Saturday, June 18, 2011

25 Calico Puzzle

Calico Puzzle by Becky Brown
We can recall the effectiveness of the Union blockade on Southern lives with Calico Puzzle.
"What will the pople do?"

In June of 1861, Clara Solomon began keeping a diary. Sixteen-year-old girls often confide their thoughts, dreams and disappointments to diaries. Clara, one of six daughters of a New Orleans dry goods merchant, also recorded her reactions to the Yankee occupation of the city, her father's absence in the Confederate Army, shortages, and her family's increasing poverty in the War's first two years.

She wrote in the slang of her day, revealing that teenagers 150 years ago had their own language, some of which lingers. Her friend Alice "looked particularly 'jimmy' in a clean muslin."
 "Alice, I often think of you. Aint' that cool?"

Some of her words were probably Southern regionalisms rather than teenage slang. She called a baked potato dish a "potato pone."

 By fall she was complaining about the price of cotton. 
 "Former bit calicoes are now 20 and 25 cents...What will the people do?"

Mid-19th-century Americans used
Spanish coins like this "bit" as currency.

Twenty-five cents is two-bits, so the price of prints had doubled. Like most teenagers, she found "pretty dresses" a major concern:
"Remained sewing until 2 ½ when I proceeded to adorn my person. Wore my new dress with which I am in love."
"After School I came directly home. Ma was down stairs sewing....F. came.... The pretty ladies [she] had seen had made her quite envious particularly of their toilettes & she cautioned me not to go on Canal St. for I would see too much grand dressing for my own comfort. Innocent child! How often have I returned home almost downhearted at the remembrance of the pretty dresses & faces I had seen."

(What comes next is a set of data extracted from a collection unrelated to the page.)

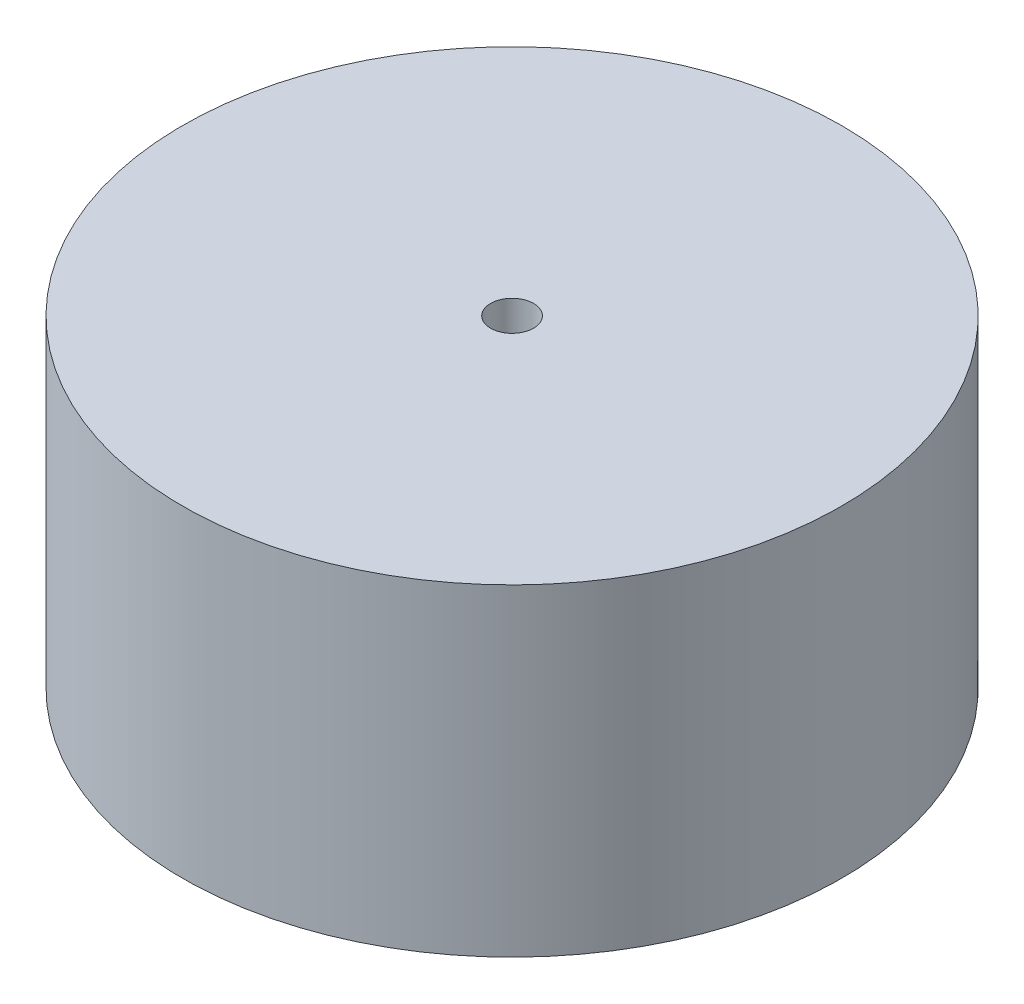
ISO-10303-21;
HEADER;
FILE_DESCRIPTION(('STEP AP214'),'2;1');
FILE_NAME('part.step','',(''),(''),'','','');
FILE_SCHEMA(('AUTOMOTIVE_DESIGN { 1 0 10303 214 1 1 1 1 }'));
ENDSEC;
DATA;
#1=APPLICATION_CONTEXT('core data for automotive mechanical design processes');
#2=APPLICATION_PROTOCOL_DEFINITION('international standard','automotive_design',2000,#1);
#3=PRODUCT_CONTEXT('',#1,'mechanical');
#4=PRODUCT('Part','Part','',(#3));
#5=PRODUCT_RELATED_PRODUCT_CATEGORY('part','',(#4));
#6=PRODUCT_DEFINITION_FORMATION('','',#4);
#7=PRODUCT_DEFINITION_CONTEXT('part definition',#1,'design');
#8=PRODUCT_DEFINITION('design','',#6,#7);
#9=PRODUCT_DEFINITION_SHAPE('','',#8);
#10=(LENGTH_UNIT() NAMED_UNIT(*) SI_UNIT(.MILLI.,.METRE.));
#11=(NAMED_UNIT(*) PLANE_ANGLE_UNIT() SI_UNIT($,.RADIAN.));
#12=(NAMED_UNIT(*) SI_UNIT($,.STERADIAN.) SOLID_ANGLE_UNIT());
#13=UNCERTAINTY_MEASURE_WITH_UNIT(LENGTH_MEASURE(1.E-05),#10,'distance_accuracy_value','');
#14=(GEOMETRIC_REPRESENTATION_CONTEXT(3) GLOBAL_UNCERTAINTY_ASSIGNED_CONTEXT((#13)) GLOBAL_UNIT_ASSIGNED_CONTEXT((#10,
#11,#12)) REPRESENTATION_CONTEXT('',''));
#15=CARTESIAN_POINT('',(0.,0.,0.));
#16=DIRECTION('',(0.,0.,1.));
#17=DIRECTION('',(1.,0.,0.));
#18=AXIS2_PLACEMENT_3D('',#15,#16,#17);
#19=CARTESIAN_POINT('',(-29.7252773968515,22.5,-4.34662075142641));
#20=DIRECTION('',(0.,-1.,0.));
#21=DIRECTION('',(0.,0.,-1.));
#22=AXIS2_PLACEMENT_3D('',#19,#20,#21);
#23=CYLINDRICAL_SURFACE('',#22,23.);
#24=CARTESIAN_POINT('',(-29.7252773968515,22.5,-4.34662075142641));
#25=DIRECTION('',(0.,1.,0.));
#26=DIRECTION('',(0.,0.,1.));
#27=AXIS2_PLACEMENT_3D('',#24,#25,#26);
#28=CIRCLE('',#27,23.);
#29=CARTESIAN_POINT('',(-29.7252773968515,22.5,-27.3466207514264));
#30=VERTEX_POINT('',#29);
#31=EDGE_CURVE('E10',#30,#30,#28,.T.);
#32=CARTESIAN_POINT('',(-29.7252773968515,0.,-4.34662075142641));
#33=DIRECTION('',(0.,1.,0.));
#34=DIRECTION('',(0.,0.,1.));
#35=AXIS2_PLACEMENT_3D('',#32,#33,#34);
#36=CIRCLE('',#35,23.);
#37=CARTESIAN_POINT('',(-29.7252773968515,0.,-27.3466207514264));
#38=VERTEX_POINT('',#37);
#39=EDGE_CURVE('E40',#38,#38,#36,.T.);
#40=CARTESIAN_POINT('',(-29.7252773968515,22.5,-27.3466207514264));
#41=CARTESIAN_POINT('',(-29.7252773968515,22.265625,-27.3466207514264));
#42=CARTESIAN_POINT('',(-29.7252773968515,22.03125,-27.3466207514264));
#43=CARTESIAN_POINT('',(-29.7252773968515,21.5625,-27.3466207514264));
#44=CARTESIAN_POINT('',(-29.7252773968515,21.328125,-27.3466207514264));
#45=CARTESIAN_POINT('',(-29.7252773968515,20.859375,-27.3466207514264));
#46=CARTESIAN_POINT('',(-29.7252773968515,20.625,-27.3466207514264));
#47=CARTESIAN_POINT('',(-29.7252773968515,20.15625,-27.3466207514264));
#48=CARTESIAN_POINT('',(-29.7252773968515,19.921875,-27.3466207514264));
#49=CARTESIAN_POINT('',(-29.7252773968515,19.453125,-27.3466207514264));
#50=CARTESIAN_POINT('',(-29.7252773968515,19.21875,-27.3466207514264));
#51=CARTESIAN_POINT('',(-29.7252773968515,18.75,-27.3466207514264));
#52=CARTESIAN_POINT('',(-29.7252773968515,18.515625,-27.3466207514264));
#53=CARTESIAN_POINT('',(-29.7252773968515,18.046875,-27.3466207514264));
#54=CARTESIAN_POINT('',(-29.7252773968515,17.8125,-27.3466207514264));
#55=CARTESIAN_POINT('',(-29.7252773968515,17.34375,-27.3466207514264));
#56=CARTESIAN_POINT('',(-29.7252773968515,17.109375,-27.3466207514264));
#57=CARTESIAN_POINT('',(-29.7252773968515,16.640625,-27.3466207514264));
#58=CARTESIAN_POINT('',(-29.7252773968515,16.40625,-27.3466207514264));
#59=CARTESIAN_POINT('',(-29.7252773968515,15.9375,-27.3466207514264));
#60=CARTESIAN_POINT('',(-29.7252773968515,15.703125,-27.3466207514264));
#61=CARTESIAN_POINT('',(-29.7252773968515,15.234375,-27.3466207514264));
#62=CARTESIAN_POINT('',(-29.7252773968515,15.,-27.3466207514264));
#63=CARTESIAN_POINT('',(-29.7252773968515,14.53125,-27.3466207514264));
#64=CARTESIAN_POINT('',(-29.7252773968515,14.296875,-27.3466207514264));
#65=CARTESIAN_POINT('',(-29.7252773968515,13.828125,-27.3466207514264));
#66=CARTESIAN_POINT('',(-29.7252773968515,13.59375,-27.3466207514264));
#67=CARTESIAN_POINT('',(-29.7252773968515,13.125,-27.3466207514264));
#68=CARTESIAN_POINT('',(-29.7252773968515,12.890625,-27.3466207514264));
#69=CARTESIAN_POINT('',(-29.7252773968515,12.421875,-27.3466207514264));
#70=CARTESIAN_POINT('',(-29.7252773968515,12.1875,-27.3466207514264));
#71=CARTESIAN_POINT('',(-29.7252773968515,11.71875,-27.3466207514264));
#72=CARTESIAN_POINT('',(-29.7252773968515,11.484375,-27.3466207514264));
#73=CARTESIAN_POINT('',(-29.7252773968515,11.015625,-27.3466207514264));
#74=CARTESIAN_POINT('',(-29.7252773968515,10.78125,-27.3466207514264));
#75=CARTESIAN_POINT('',(-29.7252773968515,10.3125,-27.3466207514264));
#76=CARTESIAN_POINT('',(-29.7252773968515,10.078125,-27.3466207514264));
#77=CARTESIAN_POINT('',(-29.7252773968515,9.60937499999999,-27.3466207514264));
#78=CARTESIAN_POINT('',(-29.7252773968515,9.375,-27.3466207514264));
#79=CARTESIAN_POINT('',(-29.7252773968515,8.90625,-27.3466207514264));
#80=CARTESIAN_POINT('',(-29.7252773968515,8.671875,-27.3466207514264));
#81=CARTESIAN_POINT('',(-29.7252773968515,8.20312499999999,-27.3466207514264));
#82=CARTESIAN_POINT('',(-29.7252773968515,7.96874999999999,-27.3466207514264));
#83=CARTESIAN_POINT('',(-29.7252773968515,7.5,-27.3466207514264));
#84=CARTESIAN_POINT('',(-29.7252773968515,7.265625,-27.3466207514264));
#85=CARTESIAN_POINT('',(-29.7252773968515,6.796875,-27.3466207514264));
#86=CARTESIAN_POINT('',(-29.7252773968515,6.5625,-27.3466207514264));
#87=CARTESIAN_POINT('',(-29.7252773968515,6.09375,-27.3466207514264));
#88=CARTESIAN_POINT('',(-29.7252773968515,5.859375,-27.3466207514264));
#89=CARTESIAN_POINT('',(-29.7252773968515,5.390625,-27.3466207514264));
#90=CARTESIAN_POINT('',(-29.7252773968515,5.15625,-27.3466207514264));
#91=CARTESIAN_POINT('',(-29.7252773968515,4.6875,-27.3466207514264));
#92=CARTESIAN_POINT('',(-29.7252773968515,4.453125,-27.3466207514264));
#93=CARTESIAN_POINT('',(-29.7252773968515,3.984375,-27.3466207514264));
#94=CARTESIAN_POINT('',(-29.7252773968515,3.75,-27.3466207514264));
#95=CARTESIAN_POINT('',(-29.7252773968515,3.28125,-27.3466207514264));
#96=CARTESIAN_POINT('',(-29.7252773968515,3.046875,-27.3466207514264));
#97=CARTESIAN_POINT('',(-29.7252773968515,2.578125,-27.3466207514264));
#98=CARTESIAN_POINT('',(-29.7252773968515,2.34375,-27.3466207514264));
#99=CARTESIAN_POINT('',(-29.7252773968515,1.875,-27.3466207514264));
#100=CARTESIAN_POINT('',(-29.7252773968515,1.640625,-27.3466207514264));
#101=CARTESIAN_POINT('',(-29.7252773968515,1.171875,-27.3466207514264));
#102=CARTESIAN_POINT('',(-29.7252773968515,0.937499999999996,-27.3466207514264));
#103=CARTESIAN_POINT('',(-29.7252773968515,0.468749999999996,-27.3466207514264));
#104=CARTESIAN_POINT('',(-29.7252773968515,0.234374999999996,-27.3466207514264));
#105=CARTESIAN_POINT('',(-29.7252773968515,0.,-27.3466207514264));
#106=B_SPLINE_CURVE_WITH_KNOTS('',3,(#40,#41,#42,#43,#44,#45,#46,#47,#48,#49,#50,#51,#52,#53,
#54,#55,#56,#57,#58,#59,#60,#61,#62,#63,#64,#65,#66,#67,#68,#69,#70,#71,#72,#73,#74,#75,#76,#77,
#78,#79,#80,#81,#82,#83,#84,#85,#86,#87,#88,#89,#90,#91,#92,#93,#94,#95,#96,#97,#98,#99,#100,
#101,#102,#103,#104,#105),.UNSPECIFIED.,.F.,.F.,(4,2,2,2,2,2,2,2,2,2,2,2,2,2,2,2,2,2,2,2,2,2,2,
2,2,2,2,2,2,2,2,2,4),(0.,0.703125000000002,1.40625,2.109375,2.8125,3.515625,4.21875,4.921875,
5.625,6.328125,7.03125,7.734375,8.4375,9.140625,9.84375,10.546875,11.25,11.953125,12.65625,
13.359375,14.0625,14.765625,15.46875,16.171875,16.875,17.578125,18.28125,18.984375,19.6875,
20.390625,21.09375,21.796875,22.5),.UNSPECIFIED.);
#107=EDGE_CURVE('BSEAM37',#30,#38,#106,.T.);
#108=ORIENTED_EDGE('',*,*,#31,.F.);
#109=ORIENTED_EDGE('',*,*,#39,.T.);
#110=ORIENTED_EDGE('',*,*,#107,.T.);
#111=ORIENTED_EDGE('',*,*,#107,.F.);
#112=EDGE_LOOP('',(#108,#110,#109,#111));
#113=FACE_BOUND('',#112,.T.);
#114=ADVANCED_FACE('F37',(#113),#23,.T.);
#115=CARTESIAN_POINT('',(-29.7252773968515,22.5,-4.34662075142641));
#116=DIRECTION('',(0.,1.,0.));
#117=DIRECTION('',(0.,0.,1.));
#118=AXIS2_PLACEMENT_3D('',#115,#116,#117);
#119=PLANE('',#118);
#120=CARTESIAN_POINT('',(-29.7252773968515,22.5,-4.34662075142641));
#121=DIRECTION('',(0.,-1.,0.));
#122=DIRECTION('',(0.,0.,-1.));
#123=AXIS2_PLACEMENT_3D('',#120,#121,#122);
#124=CIRCLE('',#123,1.5);
#125=CARTESIAN_POINT('',(-29.7252773968515,22.5,-5.84662075142641));
#126=VERTEX_POINT('',#125);
#127=EDGE_CURVE('E49',#126,#126,#124,.T.);
#128=ORIENTED_EDGE('',*,*,#127,.T.);
#129=EDGE_LOOP('',(#128));
#130=FACE_BOUND('',#129,.T.);
#131=ORIENTED_EDGE('',*,*,#31,.T.);
#132=EDGE_LOOP('',(#131));
#133=FACE_BOUND('',#132,.T.);
#134=ADVANCED_FACE('F59',(#130,#133),#119,.T.);
#135=CARTESIAN_POINT('',(-29.7252773968515,0.,-4.34662075142641));
#136=DIRECTION('',(0.,1.,0.));
#137=DIRECTION('',(0.,0.,1.));
#138=AXIS2_PLACEMENT_3D('',#135,#136,#137);
#139=PLANE('',#138);
#140=CARTESIAN_POINT('',(-29.7252773968515,0.,-4.34662075142641));
#141=DIRECTION('',(0.,-1.,0.));
#142=DIRECTION('',(0.,0.,-1.));
#143=AXIS2_PLACEMENT_3D('',#140,#141,#142);
#144=CIRCLE('',#143,1.5);
#145=CARTESIAN_POINT('',(-29.7252773968515,0.,-5.84662075142641));
#146=VERTEX_POINT('',#145);
#147=EDGE_CURVE('E51',#146,#146,#144,.T.);
#148=ORIENTED_EDGE('',*,*,#147,.F.);
#149=EDGE_LOOP('',(#148));
#150=FACE_BOUND('',#149,.T.);
#151=ORIENTED_EDGE('',*,*,#39,.F.);
#152=EDGE_LOOP('',(#151));
#153=FACE_BOUND('',#152,.T.);
#154=ADVANCED_FACE('F64',(#150,#153),#139,.F.);
#155=CARTESIAN_POINT('',(-29.7252773968515,22.5,-4.34662075142641));
#156=DIRECTION('',(0.,-1.,0.));
#157=DIRECTION('',(0.,0.,-1.));
#158=AXIS2_PLACEMENT_3D('',#155,#156,#157);
#159=CYLINDRICAL_SURFACE('',#158,1.5);
#160=CARTESIAN_POINT('',(-29.7252773968515,22.5,-5.84662075142641));
#161=CARTESIAN_POINT('',(-29.7252773968515,22.265625,-5.84662075142641));
#162=CARTESIAN_POINT('',(-29.7252773968515,22.03125,-5.84662075142641));
#163=CARTESIAN_POINT('',(-29.7252773968515,21.5625,-5.84662075142641));
#164=CARTESIAN_POINT('',(-29.7252773968515,21.328125,-5.84662075142641));
#165=CARTESIAN_POINT('',(-29.7252773968515,20.859375,-5.84662075142641));
#166=CARTESIAN_POINT('',(-29.7252773968515,20.625,-5.84662075142641));
#167=CARTESIAN_POINT('',(-29.7252773968515,20.15625,-5.84662075142641));
#168=CARTESIAN_POINT('',(-29.7252773968515,19.921875,-5.84662075142641));
#169=CARTESIAN_POINT('',(-29.7252773968515,19.453125,-5.84662075142641));
#170=CARTESIAN_POINT('',(-29.7252773968515,19.21875,-5.84662075142641));
#171=CARTESIAN_POINT('',(-29.7252773968515,18.75,-5.84662075142641));
#172=CARTESIAN_POINT('',(-29.7252773968515,18.515625,-5.84662075142641));
#173=CARTESIAN_POINT('',(-29.7252773968515,18.046875,-5.84662075142641));
#174=CARTESIAN_POINT('',(-29.7252773968515,17.8125,-5.84662075142641));
#175=CARTESIAN_POINT('',(-29.7252773968515,17.34375,-5.84662075142641));
#176=CARTESIAN_POINT('',(-29.7252773968515,17.109375,-5.84662075142641));
#177=CARTESIAN_POINT('',(-29.7252773968515,16.640625,-5.84662075142641));
#178=CARTESIAN_POINT('',(-29.7252773968515,16.40625,-5.84662075142641));
#179=CARTESIAN_POINT('',(-29.7252773968515,15.9375,-5.84662075142641));
#180=CARTESIAN_POINT('',(-29.7252773968515,15.703125,-5.84662075142641));
#181=CARTESIAN_POINT('',(-29.7252773968515,15.234375,-5.84662075142641));
#182=CARTESIAN_POINT('',(-29.7252773968515,15.,-5.84662075142641));
#183=CARTESIAN_POINT('',(-29.7252773968515,14.53125,-5.84662075142641));
#184=CARTESIAN_POINT('',(-29.7252773968515,14.296875,-5.84662075142641));
#185=CARTESIAN_POINT('',(-29.7252773968515,13.828125,-5.84662075142641));
#186=CARTESIAN_POINT('',(-29.7252773968515,13.59375,-5.84662075142641));
#187=CARTESIAN_POINT('',(-29.7252773968515,13.125,-5.84662075142641));
#188=CARTESIAN_POINT('',(-29.7252773968515,12.890625,-5.84662075142641));
#189=CARTESIAN_POINT('',(-29.7252773968515,12.421875,-5.84662075142641));
#190=CARTESIAN_POINT('',(-29.7252773968515,12.1875,-5.84662075142641));
#191=CARTESIAN_POINT('',(-29.7252773968515,11.71875,-5.84662075142641));
#192=CARTESIAN_POINT('',(-29.7252773968515,11.484375,-5.84662075142641));
#193=CARTESIAN_POINT('',(-29.7252773968515,11.015625,-5.84662075142641));
#194=CARTESIAN_POINT('',(-29.7252773968515,10.78125,-5.84662075142641));
#195=CARTESIAN_POINT('',(-29.7252773968515,10.3125,-5.84662075142641));
#196=CARTESIAN_POINT('',(-29.7252773968515,10.078125,-5.84662075142641));
#197=CARTESIAN_POINT('',(-29.7252773968515,9.609375,-5.84662075142641));
#198=CARTESIAN_POINT('',(-29.7252773968515,9.375,-5.84662075142641));
#199=CARTESIAN_POINT('',(-29.7252773968515,8.90625,-5.84662075142641));
#200=CARTESIAN_POINT('',(-29.7252773968515,8.671875,-5.84662075142641));
#201=CARTESIAN_POINT('',(-29.7252773968515,8.203125,-5.84662075142641));
#202=CARTESIAN_POINT('',(-29.7252773968515,7.96875,-5.84662075142641));
#203=CARTESIAN_POINT('',(-29.7252773968515,7.5,-5.84662075142641));
#204=CARTESIAN_POINT('',(-29.7252773968515,7.265625,-5.84662075142641));
#205=CARTESIAN_POINT('',(-29.7252773968515,6.796875,-5.84662075142641));
#206=CARTESIAN_POINT('',(-29.7252773968515,6.5625,-5.84662075142641));
#207=CARTESIAN_POINT('',(-29.7252773968515,6.09375,-5.84662075142641));
#208=CARTESIAN_POINT('',(-29.7252773968515,5.859375,-5.84662075142641));
#209=CARTESIAN_POINT('',(-29.7252773968515,5.390625,-5.84662075142641));
#210=CARTESIAN_POINT('',(-29.7252773968515,5.15625,-5.84662075142641));
#211=CARTESIAN_POINT('',(-29.7252773968515,4.6875,-5.84662075142641));
#212=CARTESIAN_POINT('',(-29.7252773968515,4.453125,-5.84662075142641));
#213=CARTESIAN_POINT('',(-29.7252773968515,3.984375,-5.84662075142641));
#214=CARTESIAN_POINT('',(-29.7252773968515,3.75,-5.84662075142641));
#215=CARTESIAN_POINT('',(-29.7252773968515,3.28125,-5.84662075142641));
#216=CARTESIAN_POINT('',(-29.7252773968515,3.046875,-5.84662075142641));
#217=CARTESIAN_POINT('',(-29.7252773968515,2.578125,-5.84662075142641));
#218=CARTESIAN_POINT('',(-29.7252773968515,2.34375,-5.84662075142641));
#219=CARTESIAN_POINT('',(-29.7252773968515,1.875,-5.84662075142641));
#220=CARTESIAN_POINT('',(-29.7252773968515,1.640625,-5.84662075142641));
#221=CARTESIAN_POINT('',(-29.7252773968515,1.171875,-5.84662075142641));
#222=CARTESIAN_POINT('',(-29.7252773968515,0.937500000000003,-5.84662075142641));
#223=CARTESIAN_POINT('',(-29.7252773968515,0.468750000000003,-5.84662075142641));
#224=CARTESIAN_POINT('',(-29.7252773968515,0.234375000000003,-5.84662075142641));
#225=CARTESIAN_POINT('',(-29.7252773968515,0.,-5.84662075142641));
#226=B_SPLINE_CURVE_WITH_KNOTS('',3,(#160,#161,#162,#163,#164,#165,#166,#167,#168,#169,#170,
#171,#172,#173,#174,#175,#176,#177,#178,#179,#180,#181,#182,#183,#184,#185,#186,#187,#188,#189,
#190,#191,#192,#193,#194,#195,#196,#197,#198,#199,#200,#201,#202,#203,#204,#205,#206,#207,#208,
#209,#210,#211,#212,#213,#214,#215,#216,#217,#218,#219,#220,#221,#222,#223,#224,#225),
.UNSPECIFIED.,.F.,.F.,(4,2,2,2,2,2,2,2,2,2,2,2,2,2,2,2,2,2,2,2,2,2,2,2,2,2,2,2,2,2,2,2,4),(0.,
0.703125000000002,1.40625,2.109375,2.8125,3.515625,4.21875,4.921875,5.625,6.328125,7.03125,
7.734375,8.4375,9.140625,9.84375,10.546875,11.25,11.953125,12.65625,13.359375,14.0625,14.765625,
15.46875,16.171875,16.875,17.578125,18.28125,18.984375,19.6875,20.390625,21.09375,21.796875,
22.5),.UNSPECIFIED.);
#227=EDGE_CURVE('BSEAM61',#126,#146,#226,.T.);
#228=ORIENTED_EDGE('',*,*,#127,.F.);
#229=ORIENTED_EDGE('',*,*,#147,.T.);
#230=ORIENTED_EDGE('',*,*,#227,.T.);
#231=ORIENTED_EDGE('',*,*,#227,.F.);
#232=EDGE_LOOP('',(#228,#230,#229,#231));
#233=FACE_BOUND('',#232,.T.);
#234=ADVANCED_FACE('F61',(#233),#159,.F.);
#235=CLOSED_SHELL('',(#114,#134,#154,#234));
#236=MANIFOLD_SOLID_BREP('B2',#235);
#237=ADVANCED_BREP_SHAPE_REPRESENTATION('',(#18,#236),#14);
#238=SHAPE_DEFINITION_REPRESENTATION(#9,#237);
ENDSEC;
END-ISO-10303-21;

Calico Puzzle (BlockBase # 1681) was given that name in the Kansas City Star in 1930.

Cutting an 8" Finished Block

These measurements will give you pieces a bit large which you can then trim to an 8-1/2" square (8" finished) block.

A Cut 2 medium and 2 light squares 3-5/8". Cut each in half diagonally.

You need 4 triangles of each.
B Cut 4 dark and 1 light square 3-3/8"

Clara's diary was recently published as The Civil War Diary of Clara Solomon: Growing up in New Orleans, 1861-1862, edited by Elliott Ashkenazi (Louisiana State University Press, 1995). Read excerpts from the book by clicking on this webpage and scrolling to the bottom of the page:

New Orleans became a Union-occupied city for most of the War.


YankeeQuilter said...

I really enjoy your posts...reading diaries from this time period give a much different viewpoint of the war than school textbooks.

Deborah said...

Another great post! Thank you.

Mariajota said...

Hola me ha gustado mucho. es muy tarde para unirme?

Anonymous said...

Interesting post and nice block. I've completed the block and have posted it along with a how-to on my blog.

Claudia Hieber said...

it's done..before I start my holidays in Paris!

Gayle Bong said...

Interesting post. For your readers info, the new Civil War Museum in Kenosha, WIsconsin has a special exhibit of women's dresses from 1860-1880's. They WERE pretty. Exhibit goes through August.

Quilter Kathy said...

OH dear...I couldn't get this one to come out to the same size as my other blocks...don't know what I did wrong?